Overcoming the Challenges of Creating Custom SoCs for IoT
by Mitch Heins on 06-30-2017 at 7:00 am

As the Internet of Things (IoT) opportunities continues to expand, companies are working hard to bring System-on-Chip (SoC) solutions to market in the hopes of garnering market share and revenue. However, it’s not as easy as it may first seem. Companies are running into a series of issues that stand between them and capturing the market.

 I had the chance to sit in on a panel session at the 54[SUP]th[/SUP] Design Automation Conference (DAC) that tried to address how companies can overcome these challenges. The panel was chaired by Ed Sperling of Semiconductor Engineering and was held at the Mentor booth on the DAC exhibit floor. On the panel were Mike Eftimakis from ARM, Jeff Miller from the Mentor Tanner group and John Tinson of Sondrel. Ed started off the discussion asking the panelists what they felt the main challenges were for IoT SoC designers.

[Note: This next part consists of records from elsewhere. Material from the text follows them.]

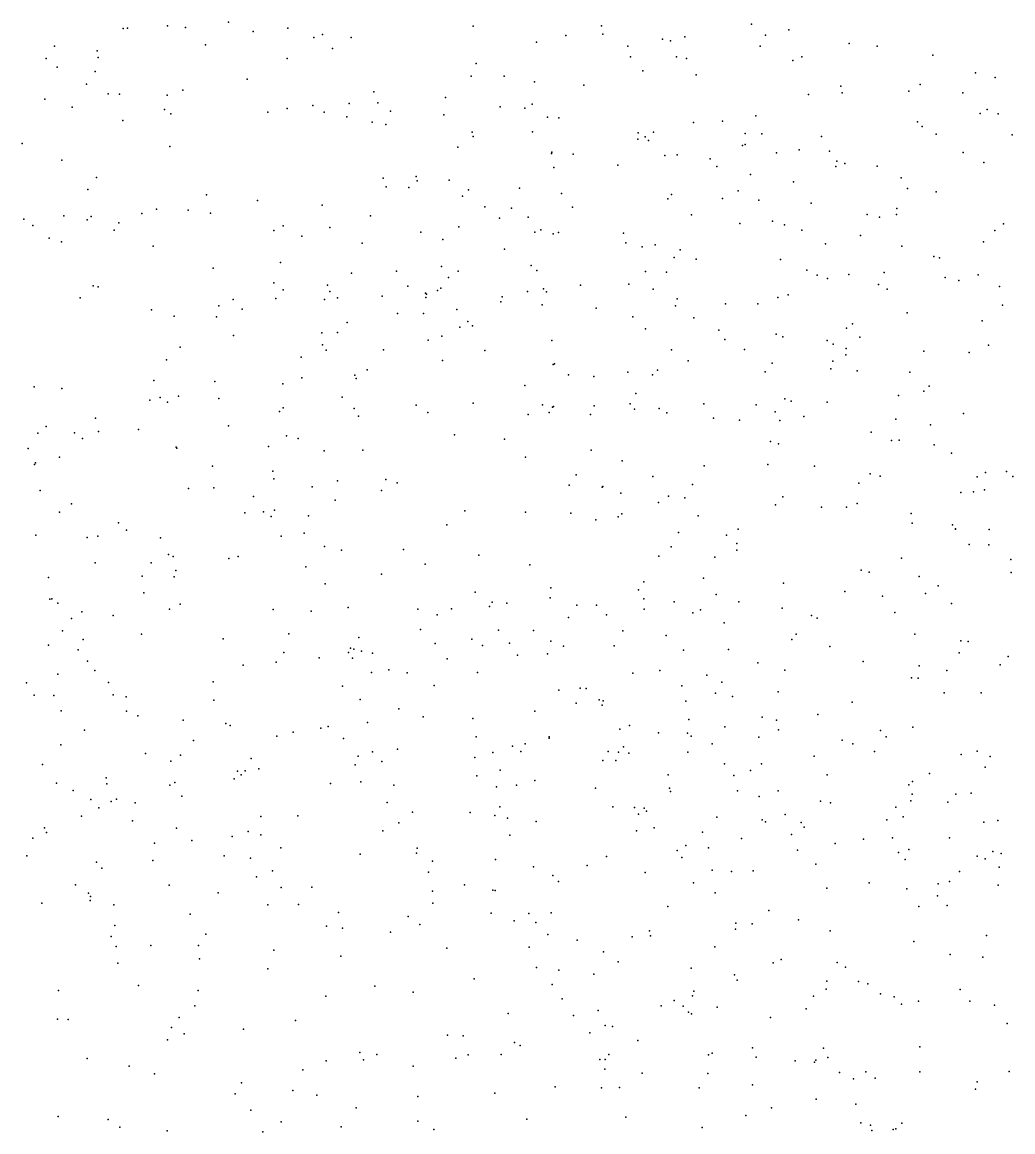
# Model space of a CAD drawing. Header units: metres. Extents: x -25 to 25, y -27.7 to 27.8.
# Drawn here: x 1.36 to 2.907, y 6.951 to 8.685 of the extents above; entities that cross this region are included whole.
import ezdxf

# ---------------------------------------------------------------- set-up
doc = ezdxf.new("R2010")
doc.units = ezdxf.units.M

msp = doc.modelspace()

# ---------------------------------------------------------------- linework, layer by layer
for p in [(1.6824, 8.6849, -0.4791), (1.5179, 8.6753, 21.6488), (1.5246, 8.6757, 16.7955), (1.5871, 8.6791, 24.0633), (1.615, 8.6764, 21.83), (1.7206, 8.6706, -10.4254), (1.7749, 8.6755, 22.2487), (2.0646, 8.6788, -0.6424), (2.2648, 8.6791, -0.8312), (2.4991, 8.6817, -4.3716), (2.5575, 8.6728, 8.7591), (1.8157, 8.661, 17.8822), (1.8291, 8.6655, 22.6696), (1.8739, 8.6611, -0.5186), (2.1634, 8.6539, -3.0786), (2.2091, 8.6641, 18.0445), (2.2668, 8.6663, 9.2483), (2.3601, 8.6586, 3.9474), (2.3729, 8.6558, 8.7268), (2.3953, 8.662, -0.9113), (2.5211, 8.6644, -1.7448), (2.6517, 8.6517, 13.9641), (1.4105, 8.6475, -21.0978), (1.4773, 8.6404, 9.2287), (1.6462, 8.6496, 9.2738), (1.8448, 8.644, -9.6378), (2.3059, 8.6475, 15.7287), (2.5126, 8.6477, 3.6429), (2.6954, 8.6477, 20.1379), (2.7823, 8.6336, -0.9874), (1.3976, 8.6282, 16.6821), (1.4788, 8.6296, 24.5557), (1.7739, 8.6282, 23.7023), (2.0694, 8.6204, 4.3208), (2.3104, 8.6307, 4.7024), (2.3822, 8.631, 15.2994), (2.3977, 8.6282, -4.0521), (2.5638, 8.625, 4.8879), (2.5777, 8.6307, 14.2728), (1.4146, 8.6146, -0.3409), (1.4741, 8.6078, 17.3832), (2.0612, 8.6006, 22.0403), (2.1128, 8.6007, 21.8903), (2.3297, 8.6087, -29.4935), (2.413, 8.6028, -2.3631), (2.8491, 8.6056, -11.8793), (2.88, 8.5985, 19.0081), (1.4604, 8.588, 17.2023), (1.7113, 8.5958, -9.9334), (2.16, 8.5915, -10.9078), (2.2373, 8.5865, 22.1363), (2.6388, 8.5851, 3.3771), (2.7626, 8.5876, 18.8729), (1.3954, 8.5648, 21.5374), (1.4943, 8.573, 8.6109), (1.512, 8.5722, -9.0671), (1.5866, 8.5707, -0.3417), (1.6109, 8.5785, -10.1326), (1.9095, 8.5759, 22.8302), (2.021, 8.567, 22.2764), (2.5884, 8.5718, -1.5463), (2.641, 8.5743, -29.3957), (2.7449, 8.5772, 18.5218), (2.8292, 8.5745, 15.4828), (1.4381, 8.5519, 17.6136), (1.5825, 8.5486, 24.2581), (1.7738, 8.55, -29.8171), (1.8139, 8.555, 9.2747), (1.8706, 8.5577, 18.058), (1.9153, 8.5587, 22.4635), (2.1066, 8.5526, 15.594), (2.1454, 8.5507, 4.0584), (2.1568, 8.5568, 18.148), (2.8674, 8.5485, -1.2632), (1.5174, 8.5312, 17.784), (1.5923, 8.5415, 21.729), (1.7436, 8.5443, -9.1286), (1.8317, 8.5441, 8.7041), (1.867, 8.537, 23.4199), (1.9351, 8.5457, -9.2767), (2.0188, 8.5402, 21.6872), (2.1803, 8.5364, 4.5601), (2.1981, 8.5353, 21.6548), (2.4541, 8.5304, 21.783), (2.5058, 8.5385, -0.893), (2.7583, 8.5293, 19.7014), (2.8561, 8.5423, -4.9532), (2.8844, 8.5415, -29.3955), (1.9066, 8.5287, 23.1915), (1.928, 8.5253, -9.8595), (2.0628, 8.5133, -9.6141), (2.1572, 8.5135, 8.7779), (2.3223, 8.5118, 22.2843), (2.3463, 8.5129, -3.8145), (2.4084, 8.5282, 3.687), (2.7658, 8.522, 19.1291), (1.3601, 8.4955, 17.0152), (2.0644, 8.5063, 22.4407), (2.3216, 8.5023, -2.7176), (2.3329, 8.5058, -11.3104), (2.3381, 8.5, 15.6543), (2.4893, 8.5109, 15.5643), (2.5152, 8.5107, 22.0663), (2.6085, 8.5064, 14.4232), (2.7875, 8.5099, -4.7439), (2.9065, 8.5089, 20.676), (1.5909, 8.4905, 17.9255), (2.0405, 8.4897, -10.5534), (2.1867, 8.4797, -0.6199), (2.1871, 8.4817, 15.4472), (2.2204, 8.4786, -29.6484), (2.3832, 8.4775, -0.7813), (2.4849, 8.4924, 18.2587), (2.4893, 8.4937, -1.9445), (2.5382, 8.4806, -11.5316), (2.5738, 8.4854, 18.4742), (2.6208, 8.4835, 15.4861), (2.8298, 8.4812, 3.3443), (1.4221, 8.4693, -0.1801), (2.2905, 8.4615, 21.5502), (2.3637, 8.4764, 9.0624), (2.4345, 8.4716, 15.2639), (2.6323, 8.4676, 19.0703), (2.6447, 8.4642, 14.0921), (2.6952, 8.4602, 20.1869), (2.8618, 8.4655, -0.8866), (1.4761, 8.4424, 21.6176), (1.9756, 8.444, 4.1992), (2.1907, 8.458, 3.8883), (2.4448, 8.4593, 8.9095), (2.4975, 8.4468, 18.6423), (2.6309, 8.4592, 14.7115), (1.9238, 8.441, 18.2066), (1.9284, 8.4279, -9.0877), (1.9642, 8.4267, -10.2259), (1.9768, 8.4373, 21.5514), (2.0271, 8.4381, 9.1995), (2.1368, 8.4255, 22.5775), (2.5649, 8.4355, 22.2063), (2.7327, 8.4415, 19.2862), (2.743, 8.4249, -11.6314), (1.4627, 8.4237, 18.6563), (1.6479, 8.4153, 18.0873), (2.0478, 8.413, 3.984), (2.0574, 8.4229, -0.3674), (2.2024, 8.4173, 2.3704), (2.3683, 8.4089, 22.4569), (2.3744, 8.4156, 4.7823), (2.4541, 8.4093, 18.8787), (2.4783, 8.4214, 22.3487), (2.7878, 8.4199, 15.3569), (1.5697, 8.3928, 24.4735), (1.6194, 8.3911, 24.2468), (1.7278, 8.4063, -0.1698), (1.8286, 8.399, 23.5813), (2.0825, 8.3962, -29.791), (2.1244, 8.3946, 4.4615), (2.2195, 8.3959, 15.6526), (2.5104, 8.4068, 4.9308), (2.5925, 8.4021, 14.9252), (2.7262, 8.3938, 20.3881), (1.3627, 8.377, 8.7468), (1.4251, 8.3825, 24.8383), (1.4615, 8.3762, 18.0843), (1.468, 8.3815, 9.2706), (1.5467, 8.3862, 18.8004), (1.654, 8.3864, 8.7389), (1.904, 8.3823, -0.2009), (2.1058, 8.3787, 21.4435), (2.1505, 8.3802, 18.3772), (2.4055, 8.3838, 3.5663), (2.5319, 8.3739, 15.0965), (2.68, 8.3845, 3.1495), (2.6993, 8.3805, 19.9292), (2.7257, 8.3847, 22.0583), (1.3766, 8.3671, 18.2255), (1.5038, 8.3601, 19.0987), (1.5112, 8.3717, 24.6622), (1.7532, 8.3593, 21.5493), (1.7676, 8.3668, -8.9482), (1.8406, 8.3642, 9.232), (1.9825, 8.3567, 18.3477), (2.0422, 8.365, 8.8108), (2.1606, 8.3568, -10.4216), (2.1699, 8.3604, 22.7209), (2.1977, 8.3562, -0.4659), (2.4807, 8.3704, 21.5064), (2.5505, 8.3685, 3.2374), (2.5778, 8.3599, 15.337), (2.8794, 8.3593, 5.1396), (2.8928, 8.37, 3.7352), (1.4022, 8.3475, 0.0269), (1.4214, 8.3417, -8.8552), (1.7967, 8.3505, 23.7301), (1.8909, 8.3397, 21.4592), (2.0171, 8.3456, 22.9307), (2.1896, 8.3544, 9.1124), (2.2992, 8.3552, 18.5457), (2.3027, 8.3404, 15.5317), (2.6148, 8.3388, 19.3282), (2.6695, 8.3515, -1.4956), (2.8613, 8.3419, 20.6209), (1.5647, 8.3352, 18.3116), (2.1135, 8.3303, 2.5143), (2.3282, 8.3341, 8.9068), (2.3489, 8.3372, 2.4059), (2.3878, 8.3291, 19.0223), (2.7342, 8.335, 22.2352), (1.7633, 8.3094, 23.8845), (2.155, 8.3048, 2.1432), (2.3782, 8.3171, -2.8695), (2.4125, 8.3148, -10.7479), (2.5444, 8.314, -0.7018), (2.784, 8.3188, 21.8347), (2.7927, 8.317, 3.4098), (1.6584, 8.3004, 18.5175), (1.8745, 8.2927, 0.0649), (1.9449, 8.2959, 23.2297), (2.0148, 8.3032, 4.2984), (2.0409, 8.2958, 15.4468), (2.1638, 8.2972, 18.6019), (2.3335, 8.2955, 22.6946), (2.3664, 8.2945, 15.3693), (2.5856, 8.2974, 14.5109), (2.6019, 8.2896, 14.2244), (2.6512, 8.2905, 19.4709), (2.7063, 8.2939, 19.7756), (2.8531, 8.29, 21.9905), (1.4707, 8.273, 0.2215), (1.4786, 8.2713, 21.5544), (1.7533, 8.2776, 18.6391), (1.837, 8.2743, 0.6726), (1.9624, 8.2724, 9.1594), (2.0137, 8.2696, 0.5164), (2.026, 8.2859, 2.3648), (2.232, 8.2741, 18.8893), (2.3077, 8.2757, 2.7985), (2.618, 8.2843, 5.0662), (2.6973, 8.2751, 20.1485), (2.8018, 8.286, -29.4106), (2.8229, 8.2814, -4.7215), (2.8865, 8.2721, -5.3768), (1.4506, 8.2544, 19.3388), (1.6896, 8.2515, 0.4019), (1.756, 8.2533, 1.1068), (1.7677, 8.2667, 18.9521), (1.8325, 8.2517, 1.6367), (1.8408, 8.2642, 0.5081), (1.8526, 8.2541, 1.4593), (1.9222, 8.2568, 1.0302), (1.9901, 8.2617, 18.5598), (1.9905, 8.2547, 0.8759), (1.9916, 8.2598, 3.8529), (2.0089, 8.2657, 0.2153), (2.1098, 8.2559, 0.6549), (2.1492, 8.264, 21.3346), (2.1741, 8.2681, -0.2297), (2.1789, 8.2639, 22.8913), (2.3457, 8.2677, -3.3737), (2.3831, 8.2526, -3.1207), (2.5404, 8.2549, -2.1534), (2.5563, 8.2589, -11.2818), (2.7109, 8.2679, 22.4119), (1.5619, 8.2353, 0.5339), (1.6671, 8.2416, 0.8903), (1.7035, 8.2368, 8.8016), (2.0387, 8.2358, 18.7045), (2.1078, 8.2479, 0.0761), (2.1721, 8.2435, 0.3245), (2.2568, 8.2379, 3.6434), (2.3804, 8.2416, 19.2017), (2.4584, 8.2448, -0.5761), (2.5089, 8.2451, -11.0352), (2.8914, 8.243, -0.692), (1.5973, 8.2256, 0.7377), (1.6636, 8.2246, 24.2288), (1.9464, 8.2296, 2.0145), (1.9869, 8.2298, 18.9171), (2.0563, 8.2171, 23.071), (2.3137, 8.2248, 4.6413), (2.4093, 8.2232, -10.2842), (2.7423, 8.2306, 3.1798), (2.8597, 8.2181, -1.4063), (1.8527, 8.2001, 15.5153), (1.8675, 8.2157, 19.0834), (2.0434, 8.2083, 19.0644), (2.0636, 8.2107, 2.6402), (2.3335, 8.2057, -29.6626), (2.4479, 8.2036, 3.4113), (2.6477, 8.2067, -0.6125), (2.6568, 8.2137, 3.0132), (1.6902, 8.1956, 19.2319), (1.828, 8.1994, 3.8977), (1.994, 8.1879, 1.3725), (2.0156, 8.1942, -29.895), (2.1871, 8.1875, 19.1833), (2.4573, 8.189, 2.4825), (2.5376, 8.1973, 21.3977), (2.5482, 8.1932, -2.4739), (2.6176, 8.1877, 3.5117), (2.6683, 8.1929, 3.6811), (1.6069, 8.1773, -29.9775), (1.8292, 8.1811, -8.8675), (1.8347, 8.1725, 23.5691), (1.9245, 8.1731, 8.8552), (2.0826, 8.1721, 3.7631), (2.3741, 8.1733, 3.0295), (2.4882, 8.1735, 4.9783), (2.6265, 8.182, 19.6533), (2.6463, 8.1654, 15.0557), (2.6469, 8.1752, -10.5952), (2.7685, 8.1709, 21.5787), (2.8392, 8.1691, 14.0434), (2.8693, 8.1804, 5.1921), (1.5855, 8.1573, 1.1281), (1.7959, 8.1617, 1.891), (2.0167, 8.1563, 19.2538), (2.1892, 8.15, 0.8506), (2.1915, 8.1513, 15.3796), (2.4005, 8.1558, 2.2898), (2.5315, 8.1521, -2.6798), (2.626, 8.1551, 22.6882), (1.8798, 8.1334, 19.3291), (1.899, 8.1419, 4.136), (2.2136, 8.1342, 1.79), (2.2527, 8.1316, 0.1356), (2.306, 8.1384, -0.1689), (2.3445, 8.1342, 2.1427), (2.3522, 8.1411, -9.3113), (2.5203, 8.1386, 3.6943), (2.6229, 8.1433, 5.1436), (2.664, 8.1403, 19.9082), (2.7465, 8.1384, 20.4163), (1.3789, 8.1151, 8.8259), (1.5658, 8.1251, 1.3902), (1.6611, 8.1238, 1.7132), (1.7674, 8.1197, 3.7739), (1.7967, 8.1295, 9.2048), (1.8816, 8.128, 2.2259), (2.1452, 8.1172, 1.1226), (2.7768, 8.1162, -0.514), (1.422, 8.1126, 21.5115), (1.5755, 8.0984, 15.4597), (1.6041, 8.1006, 24.6161), (1.6674, 8.0972, 3.8977), (1.8597, 8.0992, 15.7084), (2.3183, 8.105, 1.9894), (2.5512, 8.0963, 22.8406), (2.7289, 8.1016, 4.0236), (2.7683, 8.1087, -5.0463), (1.5597, 8.0946, 19.4417), (1.587, 8.0914, 15.6501), (1.7676, 8.0824, 21.3242), (1.8788, 8.0813, 2.4196), (1.9752, 8.0866, 15.31), (2.0644, 8.0896, 4.2744), (2.1729, 8.087, 8.8809), (2.1885, 8.0833, 23.1425), (2.1898, 8.0843, 1.54), (2.2535, 8.0857, 3.6754), (2.3098, 8.0885, -0.0144), (2.3166, 8.0805, -4.1345), (2.3549, 8.0815, 23.0282), (2.4248, 8.0889, -9.5923), (2.5067, 8.087, -10.105), (2.5611, 8.0929, -29.4599), (2.6175, 8.0912, -2.3021), (1.4746, 8.0665, 3.7982), (1.7619, 8.0767, 8.8516), (1.8852, 8.0695, 2.5979), (1.9938, 8.0753, 2.7289), (2.1503, 8.0721, 19.4112), (2.1829, 8.0751, 1.2987), (2.2476, 8.0721, 0.9783), (2.367, 8.0745, 19.4513), (2.4397, 8.0662, -0.2186), (2.4803, 8.063, 14.5967), (2.5363, 8.0764, 3.8849), (2.5432, 8.0627, 3.0725), (2.5811, 8.0687, -0.3599), (2.7248, 8.0646, -11.128), (2.8305, 8.0734, 4.1612), (1.3976, 8.0531, 15.5944), (1.442, 8.0436, 0.9352), (1.4794, 8.0453, 25.0569), (1.5419, 8.0486, 9.2993), (1.6823, 8.0545, 1.8758), (2.686, 8.0444, -5.2804), (2.7786, 8.0559, 22.777), (1.3846, 8.0426, 15.4398), (1.4544, 8.0343, -8.7253), (1.7731, 8.0386, 2.0819), (1.7909, 8.0346, 23.8174), (2.0354, 8.0405, -8.9135), (2.1135, 8.0335, 21.1861), (2.5288, 8.0297, 2.8718), (2.7177, 8.0313, 20.2534), (2.7299, 8.032, -1.8199), (1.3693, 8.0187, 15.7774), (1.6006, 8.0211, 3.6326), (1.6016, 8.0193, 24.7565), (1.7448, 8.0218, 24.0148), (1.8317, 8.0153, 23.6205), (1.8921, 8.0162, 19.4893), (2.2488, 8.0164, -3.8801), (2.5416, 8.0261, 19.656), (2.7844, 8.0246, -10.8504), (2.8117, 8.0117, -29.3304), (1.3792, 7.994, -29.8999), (1.3808, 7.9966, -28.0524), (1.4186, 8.0052, 3.5553), (1.6574, 7.9915, 24.5198), (2.1462, 8.0053, 2.9811), (2.2971, 7.9997, 1.377), (2.425, 7.9919, 21.2511), (2.5248, 7.9938, 14.386), (1.7517, 7.9836, -8.777), (2.2251, 7.9777, 9.0825), (2.3453, 7.9749, 1.8305), (2.5975, 7.9911, 22.9621), (2.6843, 7.9792, -5.5999), (2.7004, 7.9756, 20.0901), (2.8516, 7.9745, 4.3016), (2.8648, 7.9813, 5.1117), (2.8973, 7.9832, 21.5346), (2.9073, 7.9753, 22.8763), (1.6592, 7.9575, 24.8925), (1.7532, 7.9713, 2.2427), (1.813, 7.9589, 15.2127), (1.8528, 7.9683, 3.5997), (1.9282, 7.9707, 23.4978), (1.9457, 7.9653, 21.1902), (2.2143, 7.9616, -9.0515), (2.2657, 7.9583, 21.1709), (2.2669, 7.9595, 0.4069), (2.4068, 7.9629, 4.002), (2.6669, 7.965, -2.6216), (1.3884, 7.9532, -22.191), (1.6198, 7.9562, 15.2442), (1.7214, 7.9441, 24.1551), (1.9212, 7.9534, 4.1225), (2.2953, 7.9492, 14.973), (2.3694, 7.9445, 23.1801), (2.395, 7.9416, 2.4836), (2.548, 7.9433, -4.5709), (2.8262, 7.9501, 8.5662), (2.8461, 7.9513, 20.5069), (2.8632, 7.9545, -10.6195), (1.4373, 7.9324, 9.3957), (1.7543, 7.9227, 24.7579), (1.8487, 7.9381, 8.8793), (2.354, 7.9346, 1.6051), (2.5365, 7.931, 8.906), (2.6085, 7.9274, -2.879), (2.6475, 7.927, 19.9168), (2.664, 7.9329, -4.8235), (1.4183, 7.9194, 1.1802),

Mike Eftimakis responded that ARM sees three main challenges for SoCs targeted at IoT applications.

[LIST=1]

  • The first being cost, especially for edge devices whose number is expected to grow to over 50 billion devices by the year 2020.
  • The second is the ability to customize devices for specific end application markets. The number of end applications seems to be boundless and designers will want to try to address multiple different end applications with the same SoCs to amortize cost and increase revenue.
  • The third is the ability to cut down on the amount of data being sent from edge devices into the Cloud. Our existing internet infrastructure is already struggling to keep up and we are just dipping our toes into IoT applications. To keep from overwhelming the infrastructure ARM believes that more pre-processing of data will need to be done closer to or at the edge devices.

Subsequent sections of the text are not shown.